13.16 lb Colnago C50

http://plusonelap.blogspot.com/2006/03/lightweight-cyclocross-bike-9-marcos_11.html


----------



## Dajianshan (Jul 15, 2007)

Note: Colnago frame (only) is 2.5-2.9 lbs
Chili Con Crosso frame (only) 2.5-2.9 lbs


----------



## law (Feb 18, 2007)

Cyclo-phile said:


> 13.16 lb Colnago C50
> 
> http://plusonelap.blogspot.com/2006/03/lightweight-cyclocross-bike-9-marcos_11.html



That bike is rediculous. I am as bad a weight weenie as the next guy, but there is a point where it goes to far.


----------



## shorelocal (Jan 12, 2007)

My size 59cm (Salsa sizing) Chili Con Crosso frame weighed in at 3.34 lbs.


----------



## Dajianshan (Jul 15, 2007)

My similar 50cm Salsa Las Cruces weighs 2.5 lbs


----------



## dead flag blues (Aug 26, 2004)

I'm looking at a 53cm Chili Con Crosso frame. Are you guys happy with them? It'll get pretty bashed up in the Cross Crusade, i hope it can handle it.


----------



## Dajianshan (Jul 15, 2007)

Surprisingly pretty sturdy...can handle all sorts of spills with no dents.


----------



## roseyscot (Jan 30, 2005)

i pounded mine pretty good for 2/3 of the season. the paint is so so but i look forward to it getting bad enough to justify repainting since i think they are fugly. the geometry, handling, etc were perfect for me.


----------



## Mosovich (Feb 3, 2004)

*LaPierre....*

I have some friends that have LaPierre cross frames.. Total bike wt. 15 lbs.. They are both light guys, so they can get away with alot that I can't.. Still nice dependable rides..


----------



## cpark (Oct 13, 2004)

I think the Time Cross Proteam has the claim weight of about 2.8 lbs...


----------



## single1x1 (Mar 26, 2005)

*With ISP?*



cpark said:


> I think the Time Cross Proteam has the claim weight of about 2.8 lbs...
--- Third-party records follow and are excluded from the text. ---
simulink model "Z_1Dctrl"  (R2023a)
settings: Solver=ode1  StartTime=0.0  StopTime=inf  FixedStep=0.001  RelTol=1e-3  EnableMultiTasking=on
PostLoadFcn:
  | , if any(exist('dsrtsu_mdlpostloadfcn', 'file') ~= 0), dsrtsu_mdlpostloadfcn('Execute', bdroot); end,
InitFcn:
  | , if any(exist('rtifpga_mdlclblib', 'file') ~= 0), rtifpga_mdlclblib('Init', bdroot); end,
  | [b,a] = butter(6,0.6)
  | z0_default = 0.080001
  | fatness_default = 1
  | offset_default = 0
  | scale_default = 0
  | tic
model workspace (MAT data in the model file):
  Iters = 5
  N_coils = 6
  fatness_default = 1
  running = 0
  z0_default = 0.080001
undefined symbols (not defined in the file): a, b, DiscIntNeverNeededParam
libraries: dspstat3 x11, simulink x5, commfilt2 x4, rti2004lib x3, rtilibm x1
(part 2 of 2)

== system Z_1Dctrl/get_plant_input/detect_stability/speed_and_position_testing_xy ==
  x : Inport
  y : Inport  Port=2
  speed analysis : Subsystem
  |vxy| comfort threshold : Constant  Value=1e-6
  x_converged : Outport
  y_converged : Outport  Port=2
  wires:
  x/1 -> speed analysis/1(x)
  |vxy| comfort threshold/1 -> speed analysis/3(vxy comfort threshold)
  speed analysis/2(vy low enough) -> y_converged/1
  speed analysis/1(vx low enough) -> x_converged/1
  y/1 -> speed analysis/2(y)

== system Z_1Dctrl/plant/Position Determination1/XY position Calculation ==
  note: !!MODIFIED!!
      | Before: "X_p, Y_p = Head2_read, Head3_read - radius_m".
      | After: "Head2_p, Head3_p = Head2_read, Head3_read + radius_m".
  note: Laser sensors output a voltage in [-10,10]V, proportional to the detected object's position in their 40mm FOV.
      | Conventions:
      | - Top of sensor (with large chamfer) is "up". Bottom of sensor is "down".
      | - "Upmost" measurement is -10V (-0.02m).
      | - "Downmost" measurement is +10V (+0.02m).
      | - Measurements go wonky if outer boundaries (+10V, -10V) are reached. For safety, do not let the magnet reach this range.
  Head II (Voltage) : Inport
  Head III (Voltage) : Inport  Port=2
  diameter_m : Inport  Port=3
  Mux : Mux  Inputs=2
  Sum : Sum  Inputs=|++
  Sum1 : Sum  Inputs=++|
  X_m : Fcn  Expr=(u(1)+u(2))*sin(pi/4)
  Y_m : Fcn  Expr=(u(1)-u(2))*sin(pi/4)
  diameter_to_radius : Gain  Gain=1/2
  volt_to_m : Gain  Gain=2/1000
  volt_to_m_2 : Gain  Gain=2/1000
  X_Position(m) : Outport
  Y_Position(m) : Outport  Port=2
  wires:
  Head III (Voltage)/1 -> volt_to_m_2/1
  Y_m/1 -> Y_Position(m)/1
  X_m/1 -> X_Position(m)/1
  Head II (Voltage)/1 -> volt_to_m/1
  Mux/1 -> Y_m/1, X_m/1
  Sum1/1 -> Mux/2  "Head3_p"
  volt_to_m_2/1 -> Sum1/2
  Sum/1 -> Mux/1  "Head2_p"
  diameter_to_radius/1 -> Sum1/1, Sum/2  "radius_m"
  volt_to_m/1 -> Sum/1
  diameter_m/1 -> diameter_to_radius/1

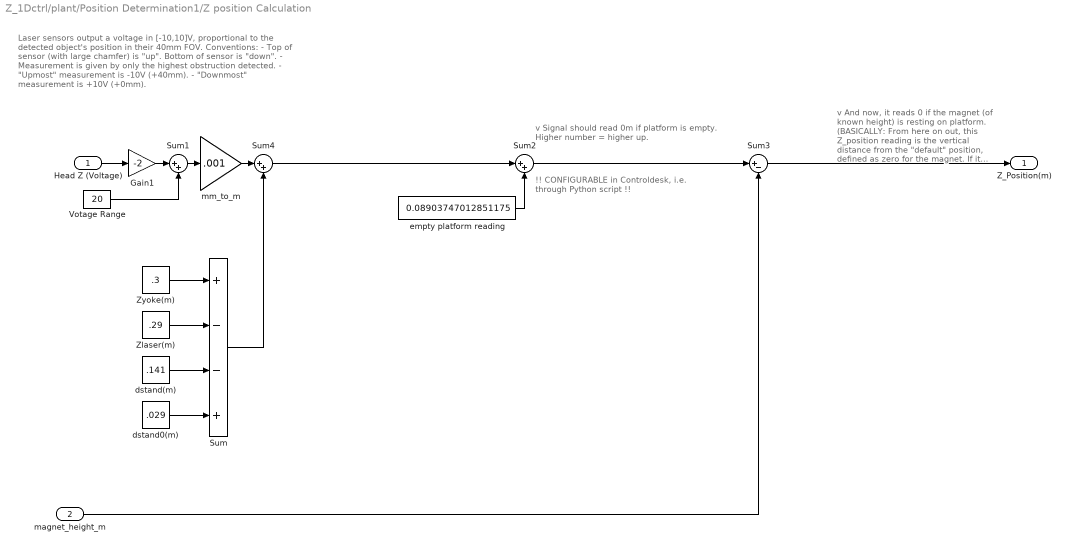
== system Z_1Dctrl/plant/Position Determination1/Z position Calculation ==
  note: Laser sensors output a voltage in [-10,10]V, proportional to the detected object's position in their 40mm FOV.
      | Conventions:
      | - Top of sensor (with large chamfer) is "up". Bottom of sensor is "down".
      | - Measurement is given by only the highest obstruction detected.
      | - "Upmost" measurement is -10V (+40mm).
      | - "Downmost" measurement is +10V (+0mm).
  note: v Signal should read 0m if platform is empty.
      | Higher number = higher up.
  note: v And now, it reads 0 if the magnet (of known height) is resting on platform.
      |
      | (BASICALLY: From here on out, this Z_position reading is the vertical distance from the "default" position, defined as zero for the magnet. If it reads something significantly different from 0, then double check the magnet height.)
  note: !! CONFIGURABLE in Controldesk, i.e. through Python script !!
  Head Z (Voltage) : Inport
  magnet_height_m : Inport  Port=2
  Gain1 : Gain  Gain=-2
  Sum : Sum  Inputs=+--+
  Sum1 : Sum  Inputs=|++
  Sum2 : Sum  Inputs=|++
  Sum3 : Sum  Inputs=|+-
  Sum4 : Sum  Inputs=|++
  Votage Range : Constant  Value=20
  Zlaser(m) : Constant  Value=.29
  Zyoke(m) : Constant  Value=.3
  dstand(m) : Constant  Value=.141
  dstand0(m) : Constant  Value=.029
  empty platform reading : Constant  Value=0.08903747012851175
  mm_to_m : Gain  Gain=.001
  Z_Position(m) : Outport
  wires:
  Sum2/1 -> Sum3/1
  Head Z (Voltage)/1 -> Gain1/1
  Sum/1 -> Sum4/2
  Sum1/1 -> mm_to_m/1
  Votage Range/1 -> Sum1/2
  Gain1/1 -> Sum1/1
  Zlaser(m)/1 -> Sum/2
  Zyoke(m)/1 -> Sum/1
  dstand(m)/1 -> Sum/3
  dstand0(m)/1 -> Sum/4
  magnet_height_m/1 -> Sum3/2
  Sum4/1 -> Sum2/1
  mm_to_m/1 -> Sum4/1
  empty platform reading/1 -> Sum2/2
  Sum3/1 -> Z_Position(m)/1

== system Z_1Dctrl/plant/Position Determination1/x filter ==
  u_raw : Inport
  10ms mean : Subsystem
  butter : DiscreteTransferFcn  Numerator=b  Denominator=a
  enable_butterworth : Constant
  enable_moving_mean : Constant
  switch_butter : Switch  Criteria=u2 > Threshold  SaturateOnIntegerOverflow=off  InputSameDT=off
  switch_movingmean : Switch  Criteria=u2 > Threshold  SaturateOnIntegerOverflow=off  InputSameDT=off
  u_filtered : Outport
  wires:
  enable_butterworth/1 -> switch_butter/2
  butter/1 -> switch_butter/1
  u_raw/1 -> switch_butter/3, butter/1
  enable_moving_mean/1 -> switch_movingmean/2
  switch_butter/1 -> 10ms mean/1(u), switch_movingmean/3
  10ms mean/1(movingmean(u)) -> switch_movingmean/1
  switch_movingmean/1 -> u_filtered/1

== system Z_1Dctrl/plant/Position Determination1/y filter ==
  u_raw : Inport
  10ms mean : Subsystem
  butter : DiscreteTransferFcn  Numerator=b  Denominator=a
  enable_butterworth : Constant
  enable_moving_mean : Constant
  switch_butter : Switch  Criteria=u2 > Threshold  SaturateOnIntegerOverflow=off  InputSameDT=off
  switch_movingmean : Switch  Criteria=u2 > Threshold  SaturateOnIntegerOverflow=off  InputSameDT=off
  u_filtered : Outport
  wires:
  enable_butterworth/1 -> switch_butter/2
  butter/1 -> switch_butter/1
  u_raw/1 -> switch_butter/3, butter/1
  enable_moving_mean/1 -> switch_movingmean/2
  switch_butter/1 -> 10ms mean/1(u), switch_movingmean/3
  10ms mean/1(movingmean(u)) -> switch_movingmean/1
  switch_movingmean/1 -> u_filtered/1

== system Z_1Dctrl/plant/Position Determination1/z filter RAW ==
  note: Leave filters OFF.
  u_raw : Inport
  u_filtered : Outport
  wires:
  u_raw/1 -> u_filtered/1

== system Z_1Dctrl/plant/Position Determination1/z filter SMOOTH ==
  u_raw : Inport
  10ms mean : Subsystem
  Terminator : Terminator  Commented=on
  Wn : Constant  Commented=on  Value=0.6
  butter : DiscreteTransferFcn  Numerator=b  Denominator=a
  butter2 : DiscreteTransferFcn  Commented=on  NumeratorSource=Input port  Numerator=b  DenominatorSource=Input port  Denominator=a  a0EqualsOne=on
      settings: InputPortMap=u0,p1,p3
  butterworth : MATLAB Function  Commented=on  TreatAsAtomicUnit=on
  enable_butterworth : Constant
  enable_moving_mean : Constant
  std_z : dspstat3/Moving Standard Deviation  Commented=on  Method=Sliding window  ForgettingFactorPort=off  SpecifyWindowLength=on  WindowLength=1000  OverlapLength=999  AllowArbitraryInputLength=off  ForgettingFactor=0.9  SimulateUsing=Code generation
  switch_butter : Switch  Criteria=u2 > Threshold  SaturateOnIntegerOverflow=off  InputSameDT=off
  switch_movingmean : Switch  Criteria=u2 > Threshold  SaturateOnIntegerOverflow=off  InputSameDT=off
  u_filtered : Outport
  wires:
  enable_butterworth/1 -> switch_butter/2
  u_raw/1 -> butter/1, switch_butter/3
  enable_moving_mean/1 -> switch_movingmean/2
  switch_butter/1 -> 10ms mean/1(u), switch_movingmean/3
  10ms mean/1(movingmean(u)) -> switch_movingmean/1
  switch_movingmean/1 -> std_z/1, u_filtered/1
  Wn/1 -> butterworth/1(Wn)
  butterworth/2(aye) -> butter2/3
  butterworth/1(bee) -> butter2/2
  butter2/1 -> ?
  std_z/1 -> Terminator/1
  butter/1 -> switch_butter/1

== system Z_1Dctrl/plant/output signal/output signal diagnostics ==
  H123_raw : Inport
  Discrete Transfer Fcn3 : DiscreteTransferFcn  NumeratorSource=Input port  Numerator=b  DenominatorSource=Input port  Denominator=a  a0EqualsOne=on
      settings: InputPortMap=u0,p1,p3
  Filtered signals : Demux  Outputs=3
  Mux : Mux  Inputs=3
  Raw signals : Demux  Outputs=3
  STDs : Subsystem
  Terminator1 : Terminator
  Terminator2 : Terminator
  Terminator3 : Terminator
  Wn : Constant  Value=0.9
  butterworth : MATLAB Function  TreatAsAtomicUnit=on
  center : Subsystem
  order : Constant  Value=6
  wires:
  Filtered signals/2 -> Terminator2/1  "HII_cen_fil"
  Filtered signals/3 -> Terminator3/1  "HIII_cen_fil"
  butterworth/1(bee) -> Discrete Transfer Fcn3/2
  butterworth/2(aye) -> Discrete Transfer Fcn3/3
  Discrete Transfer Fcn3/1 -> STDs/1(H123), Filtered signals/1
  order/1 -> butterworth/1(order)
  Wn/1 -> butterworth/2(Wn)
  H123_raw/1 -> center/1(u)
  Raw signals/1 -> Mux/1  "HZ_cen_raw"
  Raw signals/2 -> Mux/2  "HII_cen_raw"
  Raw signals/3 -> Mux/3  "HIII_cen_raw"
  Mux/1 -> Discrete Transfer Fcn3/1
  Filtered signals/1 -> Terminator1/1  "HZ_cen_fil"
  center/1(u_cen) -> Raw signals/1  "H123_cen_raw"

== system Z_1Dctrl/RTI Data/RTI Data Store/RTI Data Store/RTI Data Store ==
  RTI Data Store : Subsystem  mask(RTI_DATA_STORE){}
      mask help:
      | RTI Data Store Block. This block is used by RTI to store internal model dependent data. Deleting this block will result in data loss.
      |
      | NEVER DELETE, COPY, OR MODIFY THIS BLOCK!
      mask Help:
      | RTI Data Store Block. This block is used by RTI to store internal model dependent data. Deleting this block will result in data loss.
      | 
      | NEVER DELETE, COPY, OR MODIFY THIS BLOCK!
      mask Display: text(0.5, 0.5, ' ', 'HorizontalAlignment', 'center');

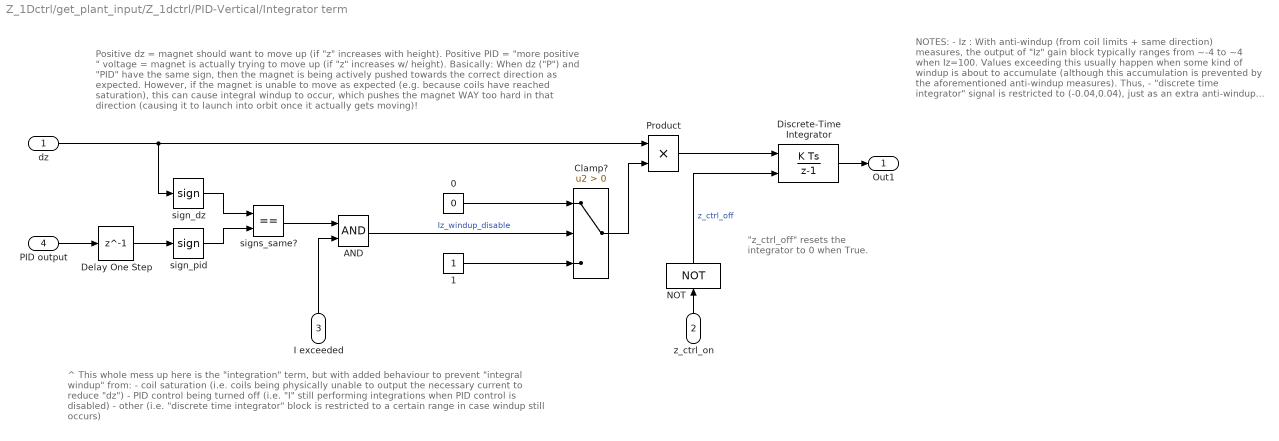
== system Z_1Dctrl/get_plant_input/Z_1dctrl/PID-Vertical/Integrator term ==
  note: "z_ctrl_off" resets the integrator to 0 when True.
  note: Positive dz = magnet should want to move up (if "z" increases with height).
      | Positive PID = "more positive " voltage = magnet is actually trying to move up (if "z" increases w/ height).
      |
      | Basically: When dz ("P") and "PID" have the same sign, then the magnet is being actively pushed towards the correct direction as expected. However, if the magnet is unable to move as expected (e.g. because coils have reached saturation), this can cause integral windup to occur, which pushes the magnet WAY too hard in that direction (causing it to launch into orbit once it actually gets moving)!
  note: NOTES:
      | - Iz : With anti-windup (from coil limits + same direction) measures, the output of "Iz" gain block typically ranges from ~-4 to ~4 when Iz=100. Values exceeding this usually happen when some kind of windup is about to accumulate (although this accumulation is prevented by the aforementioned anti-windup measures).
      | Thus,
      | - "discrete time integrator" signal is restricted to (-0.04,0.04), just as an extra anti-windup measure.
      | - Also, the integral resets while z-control is disabled.
  note: ^ This whole mess up here is the "integration" term, but with added behaviour to prevent "integral windup" from:
      | - coil saturation (i.e. coils being physically unable to output the necessary current to reduce "dz")
      | - PID control being turned off (i.e. "I" still performing integrations when PID control is disabled)
      | - other (i.e. "discrete time integrator" block is restricted to a certain range in case windup still occurs)
  dz : Inport
  z_ctrl_on : Inport  Port=2
  I exceeded : Inport  Port=3
  PID output : Inport  Port=4
  0 : Constant  Value=0
  1 : Constant
  AND : Logic  AllPortsSameDT=off  OutDataTypeStr=boolean
  Clamp? : Switch  Criteria=u2 > Threshold  SaturateOnIntegerOverflow=off  InputSameDT=off
  Delay One Step : Delay  DelayLength=1
  Discrete-Time Integrator : DiscreteIntegrator  ExternalReset=sampled level  SampleTime=-1  LimitOutput=on  UpperSaturationLimit=0.04  LowerSaturationLimit=-0.04  ICPrevOutput=DiscIntNeverNeededParam  ICPrevScaledInput=DiscIntNeverNeededParam
  NOT : Logic  Operator=NOT  AllPortsSameDT=off  OutDataTypeStr=boolean
  Product : Product
  sign_dz : Signum
  sign_pid : Signum
  signs_same? : RelationalOperator  Operator===  OutDataTypeStr=boolean  RndMeth=Simplest  InputSameDT=off
  Out1 : Outport
  wires:
  sign_dz/1 -> signs_same?/1
  AND/1 -> Clamp?/2  "Iz_windup_disable"
  signs_same?/1 -> AND/1
  sign_pid/1 -> signs_same?/2
  1/1 -> Clamp?/3
  NOT/1 -> Discrete-Time Integrator/2  "z_ctrl_off"
  0/1 -> Clamp?/1
  Product/1 -> Discrete-Time Integrator/1
  dz/1 -> sign_dz/1, Product/1
  Clamp?/1 -> Product/2
  PID output/1 -> Delay One Step/1
  Discrete-Time Integrator/1 -> Out1/1
  z_ctrl_on/1 -> NOT/1
  I exceeded/1 -> AND/2
  Delay One Step/1 -> sign_pid/1

== system Z_1Dctrl/get_plant_input/Z_1dctrl/PID-Vertical/PID Gain scheduler ==
  Zd : Inport
  dz : Inport  Port=2
  Dz : Constant  Value=nan
  Iz : Constant  Value=nan
  PID selector : MATLAB Function  TreatAsAtomicUnit=on
  Pz : Constant  Value=nan
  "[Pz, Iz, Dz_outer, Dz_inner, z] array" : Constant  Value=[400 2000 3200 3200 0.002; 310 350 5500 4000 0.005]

 Isn't that the carbon frame with integrated carbon seat post... That's dang light with the ISP. Though I think the idea of a integrated carbon seatpost on a cross bike is about the worst idea ever. Considering all the broken carbon seat post that happen in cross racing.


----------



## elmar schrauth (Feb 19, 2007)

my kuota kross is 1133 gramm = 2,498 in 57 cm , cantistuds are changed to alloy

included fork is 420 gramm, at 225 mm ,it has more mud clearance than python
included headset is 67 garmm
frame is stiff enough for 80 kio rider


----------



## cpark (Oct 13, 2004)

single1x1 said:


> Isn't that the carbon frame with integrated carbon seat post... That's dang light with the ISP. Though I think the idea of a integrated carbon seatpost on a cross bike is about the worst idea ever. Considering all the broken carbon seat post that happen in cross racing.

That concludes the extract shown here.